▸ DATA TO EXAMINE:
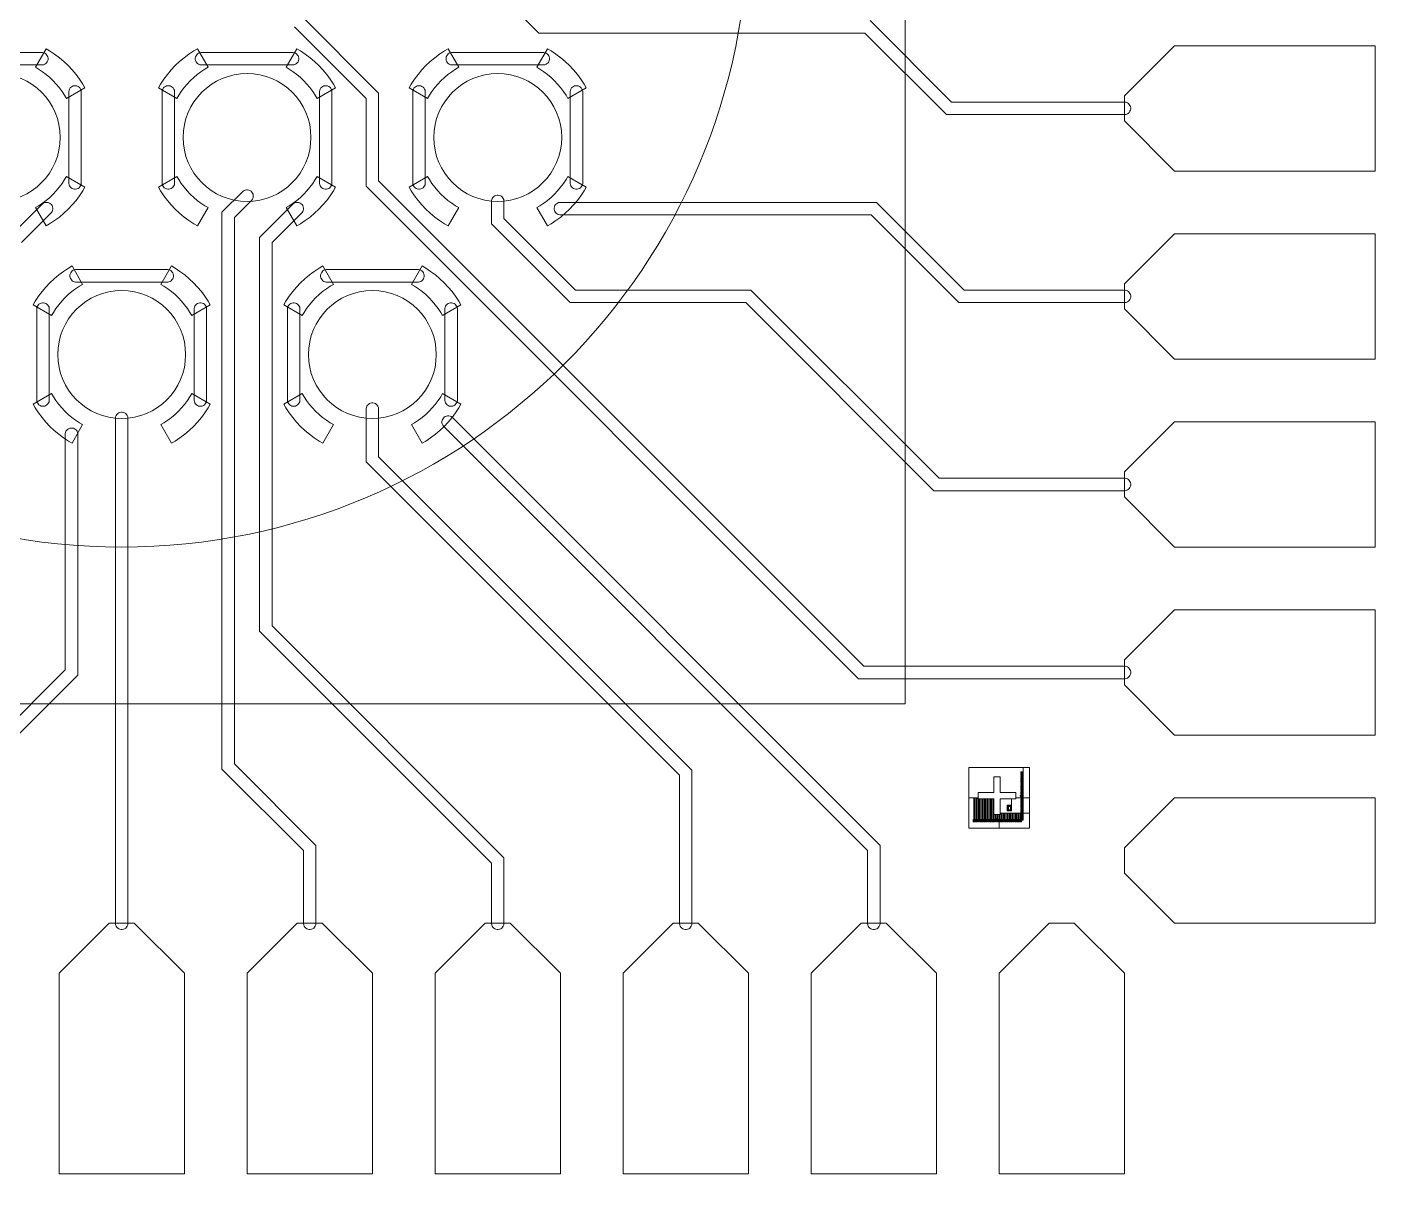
# Model space of a CAD drawing. Extents: x -17000 to 83000, y -71302 to 39000.
# Drawn here: x 32247 to 43125, y -10126 to -853 of the extents above; entities that cross this region are included whole.
import ezdxf

# ---------------------------------------------------------------- set-up
doc = ezdxf.new("R2010")
doc.units = 0
doc.layers.get('0').update_dxf_attribs({"lineweight": 25, "true_color": 0xffffff})
for name, color, linetype, lineweight, true_color in [('Alighners', 3, 'Continuous', 5, 0x00ff00), ('Boundaries', 6, 'Continuous', 5, 0xff00ff), ('Central Electrodes', 5, 'Continuous', 5, 0x0000ff), ('Connectors', 4, 'Continuous', 5, 0x00ffff), ('Reference Electrodes', 30, 'Continuous', 5, 0xff7f00)]:
    doc.layers.add(name, color=color, linetype=linetype, lineweight=lineweight, true_color=true_color)

# ---------------------------------------------------------------- blocks, each defined once
blk = doc.blocks.new('BIG_photolith_alignment1')
at = {"layer": 'Alighners'}
for points in [[(-225, -17.5), (-225, 225), (210, 225), (210, 190), (190, 190), (190, 185), (210, 185), (210, 180.5), (190, 180.5), (190, 175.5), (210, 175.5), (210, 171), (190, 171), (190, 166), (210, 166), (210, 161.5), (190, 161.5), (190, 156.5), (210, 156.5), (210, 152), (190, 152), (190, 147), (210, 147), (210, 142.5), (190, 142.5), (190, 137.5), (210, 137.5), (210, 133), (190, 133), (190, 128), (210, 128), (210, 123.5), (190, 123.5), (190, 118.5), (210, 118.5), (210, 114), (190, 114), (190, 109), (210, 109), (210, 104.5), (190, 104.5), (190, 99.5), (210, 99.5), (210, 95), (190, 95), (190, 90), (210, 90), (210, 85.5), (190, 85.5), (190, 80.5), (210, 80.5), (210, 76), (190, 76), (190, 71), (210, 71), (210, 66.5), (190, 66.5), (190, 61.5), (210, 61.5), (210, 57), (190, 57), (190, 52), (210, 52), (210, 47.5), (190, 47.5), (190, 42.5), (210, 42.5), (210, 38), (190, 38), (190, 33), (210, 33), (210, 28.5), (190, 28.5), (190, 23.5), (210, 23.5), (210, 19), (190, 19), (190, 14), (210, 14), (210, 9.5), (190, 9.5), (190, 4.5), (210, 4.5), (210, 0), (185, 0), (185, -5), (210, -5), (210, -9.5), (190, -9.5), (190, -14.5), (210, -14.5), (210, 225), (260, 225), (260, -17.5), (150, -17.5), (150, 25), (25, 25), (25, 150), (-25, 150), (-25, 25), (-150, 25), (-150, -17.5)], [(-225, -260), (-225, -17.5), (-185, -17.5), (-185, -190), (-190, -190), (-190, -210), (-185, -210), (-185, -17.5), (-175.5, -17.5), (-175.5, -190), (-180.5, -190), (-180.5, -210), (-175.5, -210), (-175.5, -17.5), (-166, -17.5), (-166, -190), (-171, -190), (-171, -210), (-166, -210), (-166, -17.5), (-156.5, -17.5), (-156.5, -190), (-161.5, -190), (-161.5, -210), (-156.5, -210), (-156.5, -17.5), (-150, -17.5), (-150, -25), (-147, -25), (-147, -190), (-152, -190), (-152, -210), (-147, -210), (-147, -25), (-137.5, -25), (-137.5, -190), (-142.5, -190), (-142.5, -210), (-137.5, -210), (-137.5, -25), (-128, -25), (-128, -190), (-133, -190), (-133, -210), (-128, -210), (-128, -25), (-118.5, -25), (-118.5, -190), (-123.5, -190), (-123.5, -210), (-118.5, -210), (-118.5, -25), (-109, -25), (-109, -190), (-114, -190), (-114, -210), (-109, -210), (-109, -25), (-99.5, -25), (-99.5, -190), (-104.5, -190), (-104.5, -210), (-99.5, -210), (-99.5, -25), (-90, -25), (-90, -190), (-95, -190), (-95, -210), (-90, -210), (-90, -25), (-80.5, -25), (-80.5, -190), (-85.5, -190), (-85.5, -210), (-80.5, -210), (-80.5, -25), (-71, -25), (-71, -190), (-76, -190), (-76, -210), (-71, -210), (-71, -25), (-61.5, -25), (-61.5, -190), (-66.5, -190), (-66.5, -210), (-61.5, -210), (-61.5, -25), (-52, -25), (-52, -190), (-57, -190), (-57, -210), (-52, -210), (-52, -25), (-42.5, -25), (-42.5, -190), (-47.5, -190), (-47.5, -210), (-42.5, -210), (-42.5, -25), (-33, -25), (-33, -190), (-38, -190), (-38, -210), (-33, -210), (-33, -25), (-25, -25), (-25, -150), (-23.5, -150), (-23.5, -190), (-28.5, -190), (-28.5, -210), (-23.5, -210), (-23.5, -150), (-14, -150), (-14, -190), (-19, -190), (-19, -210), (-14, -210), (-14, -150), (-4.5, -150), (-4.5, -190), (-9.5, -190), (-9.5, -210), (-4.5, -210), (-4.5, -150), (5, -150), (5, -185), (0, -185), (0, -210), (5, -210), (5, -150), (14.5, -150), (14.5, -190), (9.5, -190), (9.5, -210), (14.5, -210), (14.5, -150), (17.5, -150), (17.5, -260)], [(25, -138.75), (25, -25), (117.5, -25), (117.5, -77.5), (82.5, -77.5), (82.5, -122.5), (117.5, -122.5), (117.5, -25), (150, -25), (150, -17.5), (210, -17.5), (210, -19), (190, -19), (190, -24), (210, -24), (210, -28.5), (190, -28.5), (190, -33.5), (210, -33.5), (210, -38), (190, -38), (190, -43), (210, -43), (210, -47.5), (190, -47.5), (190, -52.5), (210, -52.5), (210, -57), (190, -57), (190, -62), (210, -62), (210, -66.5), (190, -66.5), (190, -71.5), (210, -71.5), (210, -76), (190, -76), (190, -81), (210, -81), (210, -85.5), (190, -85.5), (190, -90.5), (210, -90.5), (210, -95), (190, -95), (190, -100), (210, -100), (210, -104.5), (190, -104.5), (190, -109.5), (210, -109.5), (210, -114), (190, -114), (190, -119), (210, -119), (210, -123.5), (190, -123.5), (190, -128.5), (210, -128.5), (210, -133), (190, -133), (190, -138), (210, -138), (210, -17.5), (260, -17.5), (260, -138.75)], [(92.5, -117.5), (92.5, -110), (95, -112.5), (105, -112.5), (107.5, -110), (107.5, -90), (105, -87.5), (95, -87.5), (92.5, -90), (92.5, -117.5), (87.5, -112.5), (87.5, -87.5), (92.5, -82.5), (107.5, -82.5), (112.5, -87.5), (112.5, -112.5), (107.5, -117.5)], [(17.5, -260), (17.5, -150), (24, -150), (24, -190), (19, -190), (19, -210), (24, -210), (24, -150), (25, -150), (25, -138.75), (33.5, -138.75), (33.5, -190), (28.5, -190), (28.5, -210), (33.5, -210), (33.5, -138.75), (43, -138.75), (43, -190), (38, -190), (38, -210), (43, -210), (43, -138.75), (52.5, -138.75), (52.5, -190), (47.5, -190), (47.5, -210), (52.5, -210), (52.5, -138.75), (62, -138.75), (62, -190), (57, -190), (57, -210), (62, -210), (62, -138.75), (71.5, -138.75), (71.5, -190), (66.5, -190), (66.5, -210), (71.5, -210), (71.5, -138.75), (81, -138.75), (81, -190), (76, -190), (76, -210), (81, -210), (81, -138.75), (90.5, -138.75), (90.5, -190), (85.5, -190), (85.5, -210), (90.5, -210), (90.5, -138.75), (100, -138.75), (100, -190), (95, -190), (95, -210), (100, -210), (100, -138.75), (109.5, -138.75), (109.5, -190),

▸ DESCRIPTION OF THE TASK: Where the word "lineweight" occurs in a line of the records, copy that line.

▸ ANSWER FOR THIS EXERCISE:
doc.layers.get('0').update_dxf_attribs({"lineweight": 25, "true_color": 0xffffff})
for name, color, linetype, lineweight, true_color in [('Alighners', 3, 'Continuous', 5, 0x00ff00), ('Boundaries', 6, 'Continuous', 5, 0xff00ff), ('Central Electrodes', 5, 'Continuous', 5, 0x0000ff), ('Connectors', 4, 'Continuous', 5, 0x00ffff), ('Reference Electrodes', 30, 'Continuous', 5, 0xff7f00)]:
    doc.layers.add(name, color=color, linetype=linetype, lineweight=lineweight, true_color=true_color)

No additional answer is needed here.